● Exercise
Lines holding the string "TEXTO": copy each one from the listing below.
++++++++
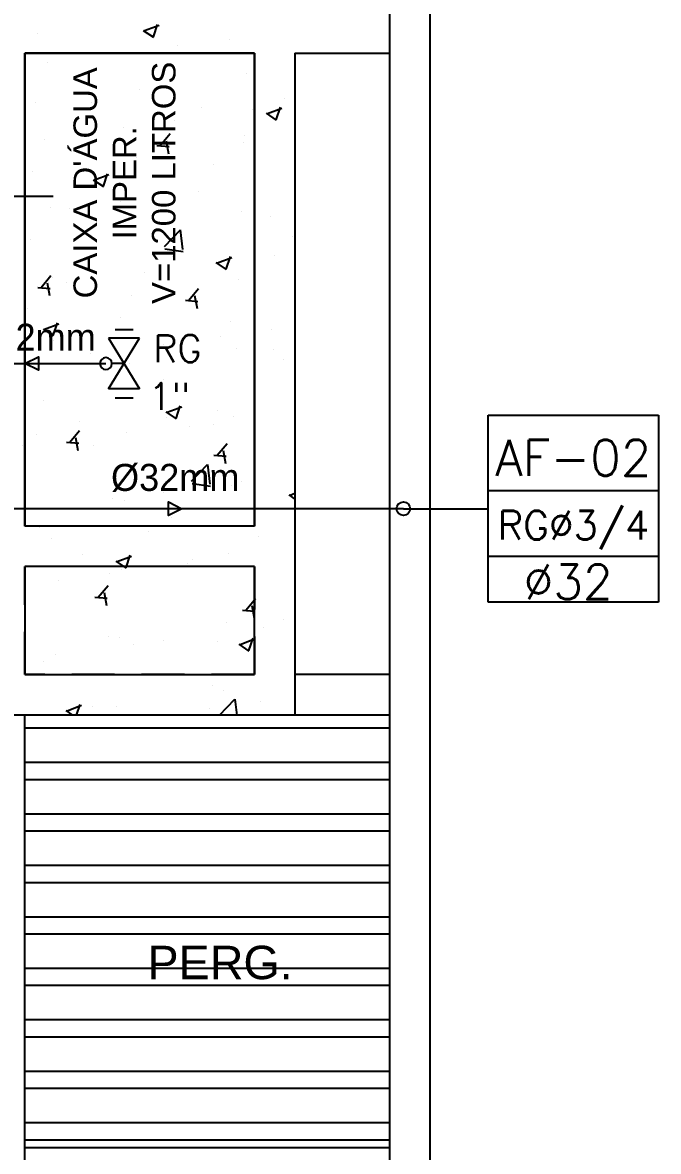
# Model space of a CAD drawing. Header units: millimetres. Extents: x -1292 to 2253, y 326 to 453.
# Drawn here: x 2107.624 to 2109.978, y 354.157 to 358.334 of the extents above; entities that cross this region are included whole.
import ezdxf
from ezdxf.enums import TextEntityAlignment as Align

# ---------------------------------------------------------------- set-up
doc = ezdxf.new("R2010")
doc.units = ezdxf.units.MM
doc.header["$LTSCALE"] = 0.5
doc.linetypes.add('HIDDEN', pattern=[9.525, 6.35, -3.175])
for name, color, linetype in [('-HIDRO', 8, 'Continuous'), ('A-PEN-B', 5, 'Continuous'), ('A-PEN-C', 4, 'Continuous'), ('AF', 5, 'Continuous'), ('CONEXAO_AG_FRIA', 2, 'Continuous'), ('Prumadas_L', 1, 'Continuous'), ('Prumadas_Q', 3, 'Continuous'), ('Prumadas_T', 2, 'Continuous'), ('TEXTO', 7, 'Continuous')]:
    doc.layers.add(name, color=color, linetype=linetype)
doc.styles.add('CARIMBO_DADOS', font='arial.ttf', dxfattribs={"height": 0.1})
doc.styles.add('ROMANS', font='romans')

msp = doc.modelspace()

# ---------------------------------------------------------------- linework, layer by layer
at = {"layer": '-HIDRO', "ltscale": 0.05}
for p, q in [((2109.1321, 361.3212), (2109.1321, 346.8212)), ((2109.1321, 361.3212), (2109.1321, 355.7712)), ((2108.9821, 361.1712), (2108.9821, 355.7712)), ((2108.0756, 358.3042), (2108.1289, 358.3247)), ((2108.1083, 358.2816), (2108.1238, 358.3276)), ((2107.6797, 358.2919), (2107.6797, 358.2919)), ((2108.0704, 358.3051), (2108.1083, 358.2796)), ((2108.1977, 358.2482), (2108.1977, 358.2482)), ((2108.3885, 358.2733), (2108.3885, 358.2733)), ((2108.4821, 358.2212), (2107.6321, 358.2212)), ((2107.6321, 358.2212), (2107.6321, 356.4712)), ((2108.4821, 356.4712), (2108.4821, 358.2212)), ((2108.6321, 358.2212), (2108.6321, 355.7712)), ((2108.6321, 358.2212), (2108.9821, 358.2212)), ((2107.7165, 358.1849), (2107.7165, 358.1849)), ((2107.6321, 358.1212), (2107.6321, 357.5212)), ((2108.4511, 358.1441), (2108.4511, 358.1441)), ((2108.0553, 358.087), (2108.0553, 358.087)), ((2107.6704, 358.0382), (2107.6704, 358.0382)), ((2107.8782, 358.0374), (2107.8782, 358.0374)), ((2108.5931, 358.0539), (2108.5931, 358.0539)), ((2108.285, 358.0202), (2108.285, 358.0202)), ((2108.4766, 358.0108), (2108.4766, 358.0108)), ((2108.5253, 357.9983), (2108.5632, 357.9728)), ((2108.5304, 357.9974), (2108.5838, 358.0179)), ((2108.5632, 357.9748), (2108.5786, 358.0208)), ((2107.6321, 357.9522), (2107.6321, 357.9522)), ((2107.9972, 357.9477), (2107.9972, 357.9477)), ((2108.1487, 357.9776), (2108.1487, 357.9776)), ((2108.188, 357.9728), (2108.188, 357.9728)), ((2108.0389, 357.935), (2108.0389, 357.935)), ((2108.1329, 357.8793), (2108.1696, 357.9231)), ((2108.4457, 357.9178), (2108.4457, 357.9178)), ((2107.7043, 357.9013), (2107.7043, 357.9013)), ((2108.1211, 357.8797), (2108.1666, 357.8757)), ((2108.1651, 357.8478), (2108.1563, 357.8956)), ((2108.4418, 357.8905), (2108.4418, 357.8905)), ((2108.046, 357.8333), (2108.046, 357.8333)), ((2107.6612, 357.7845), (2107.6612, 357.7845)), ((2108.3313, 357.8103), (2108.3313, 357.8103)), ((2107.885, 357.7526), (2107.9229, 357.727)), ((2107.8902, 357.7517), (2107.9435, 357.7722)), ((2107.9229, 357.729), (2107.9384, 357.775)), ((2107.8869, 357.734), (2107.8869, 357.734)), ((2108.2761, 357.7102), (2108.2761, 357.7102)), ((2107.9875, 357.6723), (2107.9875, 357.6723)), ((2107.7266, 357.65), (2107.7266, 357.65)), ((2107.7968, 357.6471), (2107.7968, 357.6471)), ((2108.1334, 357.6329), (2108.1334, 357.6329)), ((2108.4325, 357.6368), (2108.4325, 357.6368)), ((2108.5402, 357.6157), (2108.5402, 357.6157)), ((2108.0368, 357.5797), (2108.0368, 357.5797)), ((2107.6519, 357.5309), (2107.6519, 357.5309)), ((2108.1486, 357.5057), (2108.208, 357.5675)), ((2108.2172, 357.4943), (2108.2088, 357.5667)), ((2108.6223, 357.5436), (2108.6223, 357.5436)), ((2108.1505, 357.4971), (2108.2182, 357.4866)), ((2108.1779, 357.4674), (2108.1779, 357.4674)), ((2108.3399, 357.4458), (2108.3778, 357.4202)), ((2108.345, 357.4449), (2108.3984, 357.4654)), ((2108.3778, 357.4222), (2108.3932, 357.4682)), ((2108.5569, 357.4731), (2108.5569, 357.4731)), ((2108.0757, 357.4097), (2108.0757, 357.4097)), ((2107.6921, 357.3539), (2107.7288, 357.3977)), ((2107.7243, 357.3225), (2107.7155, 357.3703)), ((2107.7335, 357.3911), (2107.7335, 357.3911)), ((2107.7871, 357.3717), (2107.7871, 357.3717)), ((2108.4233, 357.3831), (2108.4233, 357.3831)), ((2107.6802, 357.3543), (2107.7258, 357.3504)), ((2108.0275, 357.326), (2108.0275, 357.326)), ((2108.2386, 357.3061), (2108.2753, 357.3499)), ((2108.2709, 357.2747), (2108.262, 357.3224)), ((2108.2268, 357.3065), (2108.2723, 357.3025)), ((2107.6426, 357.2772), (2107.6426, 357.2772)), ((2107.985, 357.2435), (2107.985, 357.2435)), ((2107.6996, 357.2), (2107.7375, 357.1744)), ((2107.7048, 357.1991), (2107.7581, 357.2196)), ((2107.7375, 357.1764), (2107.753, 357.2225)), ((2108.3918, 357.2263), (2108.3918, 357.2263)), ((2108.5472, 357.1976), (2108.5472, 357.1976)), ((2107.7389, 357.1583), (2107.7389, 357.1583)), ((2108.3565, 357.1725), (2108.3565, 357.1725)), ((2108.1457, 357.1411), (2108.1457, 357.1411)), ((2108.414, 357.1295), (2108.414, 357.1295)), ((2108.5525, 357.1239), (2108.5525, 357.1239)), ((2107.8752, 357.1092), (2107.8752, 357.1092)), ((2108.0182, 357.0723), (2108.0182, 357.0723)), ((2108.5908, 357.089), (2108.5908, 357.089)), ((2107.6334, 357.0236), (2107.6334, 357.0236)), ((2108.1464, 357.0127), (2108.1464, 357.0127)), ((2107.7021, 356.9364), (2107.7021, 356.9364)), ((2108.1596, 356.8923), (2108.213, 356.9128)), ((2108.1924, 356.8696), (2108.2078, 356.9157)), ((2108.1545, 356.8932), (2108.1924, 356.8677)), ((2108.156, 356.872), (2108.156, 356.872)), ((2108.3468, 356.8971), (2108.3468, 356.8971)), ((2108.4048, 356.8758), (2108.4048, 356.8758)), ((2107.7978, 356.7808), (2107.8345, 356.8245)), ((2107.8334, 356.8561), (2107.8334, 356.8561)), ((2108.2402, 356.839), (2108.2402, 356.839)), ((2108.329, 356.8454), (2108.329, 356.8454)), ((2107.6748, 356.8086), (2107.6748, 356.8086)), ((2107.786, 356.7812), (2107.8315, 356.7772)), ((2107.83, 356.7493), (2107.8212, 356.7971)), ((2108.009, 356.8187), (2108.009, 356.8187)), ((2107.6241, 356.7699), (2107.6241, 356.7699)), ((2107.8846, 356.7691), (2107.8846, 356.7691)), ((2108.3443, 356.7329), (2108.3811, 356.7767)), ((2108.3766, 356.7015), (2108.3678, 356.7493)), ((2108.2496, 356.6373), (2108.309, 356.6991)), ((2108.3182, 356.6259), (2108.3098, 356.6983)), ((2108.3325, 356.7334), (2108.3781, 356.7294)), ((2108.2515, 356.6287), (2108.3192, 356.6182)), ((2108.3955, 356.6221), (2108.3955, 356.6221)), ((2108.4349, 356.6345), (2108.4349, 356.6345)), ((2107.9555, 356.5714), (2107.9555, 356.5714)), ((2108.1463, 356.5966), (2108.1463, 356.5966)), ((2108.6093, 356.5864), (2108.6321, 356.571)), ((2108.6145, 356.5855), (2108.6321, 356.5923)), ((2108.62, 356.5787), (2108.62, 356.5787)), ((2107.9997, 356.565), (2107.9997, 356.565)), ((2108.1757, 356.5024), (2108.1757, 356.5024)), ((2108.4821, 356.4712), (2107.6321, 356.4712)), ((2107.685, 356.4668), (2107.685, 356.4668)), ((2108.0918, 356.4496), (2108.0918, 356.4496)), ((2107.7313, 356.4262), (2107.7313, 356.4262)), ((2108.4986, 356.4324), (2108.4986, 356.4324)), ((2107.8457, 356.3644), (2107.8457, 356.3644)), ((2107.9742, 356.3397), (2108.0276, 356.3602)), ((2108.007, 356.3171), (2108.0224, 356.3631)), ((2108.3862, 356.3685), (2108.3862, 356.3685)), ((2108.4821, 356.3212), (2107.6321, 356.3212)), ((2107.6321, 356.3212), (2107.6321, 355.9212)), ((2107.9691, 356.3407), (2108.007, 356.3151)), ((2108.2344, 356.334), (2108.2344, 356.334)), ((2108.2525, 356.3472), (2108.2525, 356.3472)), ((2108.4821, 355.9212), (2108.4821, 356.3212)), ((2107.9458, 356.296), (2107.9458, 356.296)), ((2107.9904, 356.3113), (2107.9904, 356.3113)), ((2107.7551, 356.2709), (2107.7551, 356.2709)), ((2107.9035, 356.2076), (2107.9403, 356.2514)), ((2107.8917, 356.208), (2107.9373, 356.204)), ((2107.9358, 356.1762), (2107.9269, 356.2239)), ((2108.4501, 356.1598), (2108.4821, 356.1979)), ((2108.4821, 356.1979), (2108.4868, 356.2035)), ((2108.4383, 356.1602), (2108.4821, 356.1564)), ((2108.4821, 356.1294), (2108.4735, 356.1761)), ((2108.4821, 356.1564), (2108.4838, 356.1562)), ((2108.377, 356.1148), (2108.377, 356.1148)), ((2108.4823, 356.1283), (2108.4821, 356.1294)), ((2108.5886, 356.1241), (2108.5886, 356.1241)), ((2108.5152, 356.0968), (2108.5152, 356.0968)), ((2107.9402, 356.0622), (2107.9402, 356.0622)), ((2107.9812, 356.0577), (2107.9812, 356.0577)), ((2108.034, 356.0335), (2108.034, 356.0335)), ((2108.1442, 356.0478), (2108.1442, 356.0478)), ((2108.347, 356.0451), (2108.347, 356.0451)), ((2108.4239, 356.0339), (2108.4618, 356.0083)), ((2108.429, 356.033), (2108.4821, 356.0533)), ((2108.4618, 356.0103), (2108.4773, 356.0563)), ((2108.4821, 356.0533), (2108.4824, 356.0534)), ((2107.7454, 355.9955), (2107.7454, 355.9955)), ((2107.6998, 355.9715), (2107.6998, 355.9715)), ((2107.6321, 355.9212), (2108.4821, 355.9212)), ((2108.9821, 355.9212), (2108.6321, 355.9212)), ((2108.3268, 355.8805), (2108.3268, 355.8805)), ((2108.3677, 355.8611), (2108.3677, 355.8611)), ((2108.3529, 355.7712), (2108.41, 355.8307)), ((2108.4177, 355.7712), (2108.4108, 355.8299)), ((2108.5055, 355.8214), (2108.5055, 355.8214)), ((2107.7836, 355.7881), (2107.8087, 355.7712)), ((2107.7888, 355.7872), (2107.8421, 355.8077)), ((2107.8238, 355.7712), (2107.837, 355.8106)), ((2107.8824, 355.8042), (2107.8824, 355.8042)), ((2107.9719, 355.804), (2107.9719, 355.804)), ((2108.3148, 355.7963), (2108.3148, 355.7963)), ((2108.9821, 355.7712), (2107.4821, 355.7712)), ((2107.6321, 354.1712), (2107.6321, 355.7712)), ((2107.6321, 351.3212), (2107.6321, 355.7511)), ((2108.9821, 355.7712), (2108.9821, 354.0212)), ((2108.9821, 355.7228), (2107.6321, 355.7228)), ((2108.9821, 355.5958), (2107.6321, 355.5958)), ((2108.9821, 355.5323), (2107.6321, 355.5323)), ((2108.9821, 355.4053), (2107.6321, 355.4053)), ((2108.9821, 355.3418), (2107.6321, 355.3418)), ((2108.9821, 355.2148), (2107.6321, 355.2148)), ((2108.9821, 355.1513), (2107.6321, 355.1513)), ((2108.9821, 355.0243), (2107.6321, 355.0243)), ((2108.9821, 354.9608), (2107.6321, 354.9608)), ((2108.9821, 354.8338), (2107.6321, 354.8338)), ((2108.9821, 354.7703), (2107.6321, 354.7703)), ((2108.9821, 354.6433), (2107.6321, 354.6433)), ((2108.9821, 354.5798), (2107.6321, 354.5798)), ((2108.9821, 354.4528), (2107.6321, 354.4528)), ((2108.9821, 354.3893), (2107.6321, 354.3893)), ((2108.9821, 354.2623), (2107.6321, 354.2623)), ((2108.9821, 354.1988), (2107.6321, 354.1988)), ((2107.6321, 354.1712), (2108.9821, 354.1712))]:
    msp.add_line(p, q, dxfattribs=at)
at = {"layer": '-HIDRO', "linetype": 'HIDDEN', "ltscale": 0.05}
for p, q in [((2107.6321, 358.2212), (2108.4821, 358.2212)), ((2107.6321, 356.4712), (2107.6321, 358.2212)), ((2108.4821, 358.2212), (2108.4821, 356.4712)), ((2107.6321, 355.9212), (2107.6321, 356.3212)), ((2108.4821, 356.3212), (2108.4821, 355.9212)), ((2108.4821, 355.9212), (2107.6321, 355.9212))]:
    msp.add_line(p, q, dxfattribs=at)
for p, q in [((2107.9664, 357.199), (2108.033, 357.199)), ((2108.0572, 357.1657), (2107.9422, 357.1657)), ((2107.9422, 356.979), (2108.0572, 357.1657)), ((2107.9422, 357.1657), (2108.0572, 356.979)), ((2107.9997, 357.0723), (2107.9541, 357.0723)), ((2108.0572, 356.979), (2107.9422, 356.979)), ((2107.9664, 356.9457), (2108.033, 356.9457))]:
    msp.add_line(p, q)
at = {"extrusion": (0, 0, -1)}
msp.add_ellipse((2107.9322, 357.0723), major_axis=(0.0155, 0.0155), ratio=1, start_param=2.356194490186756, end_param=8.639379797366342, dxfattribs=at)
at = {"layer": 'A-PEN-B'}
msp.add_circle((2109.0338, 356.5351), 0.025, dxfattribs=at)
at = {"layer": 'A-PEN-C'}
for p, q in [((2107.6321, 358.2212), (2108.4821, 358.2212)), ((2107.6321, 356.4712), (2107.6321, 358.2212)), ((2108.4821, 358.2212), (2108.4821, 356.4712)), ((2108.4821, 356.4712), (2107.6321, 356.4712))]:
    msp.add_line(p, q, dxfattribs=at)
at = {"layer": 'AF'}
for p, q in [((2107.028, 357.6916), (2107.7374, 357.6916)), ((2107.3819, 357.0723), (2107.9322, 357.0723)), ((2109.0338, 356.5351), (2107.3439, 356.5351))]:
    msp.add_line(p, q, dxfattribs=at)
for points in [[(2107.632, 357.0723, 0), (2107.682, 357.0973, 0), (2107.682, 357.0473, 0), (2107.632, 357.0723, 0)], [(2108.2139, 356.5351, 0), (2108.1639, 356.5101, 0), (2108.1639, 356.5601, 0), (2108.2139, 356.5351, 0)]]:
    msp.add_polyline3d(points, dxfattribs=at)
at = {"layer": 'Prumadas_L'}
for p, q in [((2109.3475, 356.6021), (2109.9783, 356.6021)), ((2109.0338, 356.5351), (2109.3475, 356.5351)), ((2109.3475, 356.3601), (2109.9783, 356.3601))]:
    msp.add_line(p, q, dxfattribs=at)
at = {"layer": 'Prumadas_Q'}
for p, q in [((2109.3475, 356.8813), (2109.9783, 356.8813)), ((2109.3475, 356.1889), (2109.3475, 356.8813)), ((2109.9783, 356.8813), (2109.9783, 356.1889)), ((2109.9783, 356.1889), (2109.3475, 356.1889))]:
    msp.add_line(p, q, dxfattribs=at)

# ---------------------------------------------------------------- texts
at = {"layer": '-HIDRO', "style": 'CARIMBO_DADOS'}
msp.add_text('PERG.', height=0.12365, dxfattribs=at).set_placement((2108.0864, 354.7943))
at = {"layer": '-HIDRO', "insert": (2108.0016, 357.7411), "char_height": 0.087155, "width": 2.363314, "attachment_point": 5, "rotation": 90, "style": 'CARIMBO_DADOS'}
msp.add_mtext("CAIXA D'ÁGUA \\PIMPER. \\PV=1200 LITROS", dxfattribs=at)
at = {"layer": 'CONEXAO_AG_FRIA', "style": 'ROMANS'}
for s, p in [('RG', (2108.1068, 357.0779)), ('1"', (2108.0901, 356.9006))]:
    msp.add_text(s, height=0.1, rotation=0, dxfattribs=at).set_placement(p)
at = {"layer": 'Prumadas_T', "style": 'ROMANS'}
for s, height, p in [('AF-02', 0.1323, (2109.6632, 356.6574)), ('RG%%C3/4', 0.10584, (2109.6638, 356.4211)), ('%%C32', 0.12807, (2109.6442, 356.2001))]:
    msp.add_text(s, height=height, rotation=0, dxfattribs=at).set_placement(p, align=Align.CENTER)
at = {"layer": 'TEXTO'}
for p in [(2107.657, 357.1697), (2108.1889, 356.6511)]:
    msp.add_text('Ø32mm', height=0.1, dxfattribs=at).set_placement(p, align=Align.MIDDLE_CENTER)

doc.saveas('drawing.dxf')
++++++++
● Your response
for name, color, linetype in [('-HIDRO', 8, 'Continuous'), ('A-PEN-B', 5, 'Continuous'), ('A-PEN-C', 4, 'Continuous'), ('AF', 5, 'Continuous'), ('CONEXAO_AG_FRIA', 2, 'Continuous'), ('Prumadas_L', 1, 'Continuous'), ('Prumadas_Q', 3, 'Continuous'), ('Prumadas_T', 2, 'Continuous'), ('TEXTO', 7, 'Continuous')]:
at = {"layer": 'TEXTO'}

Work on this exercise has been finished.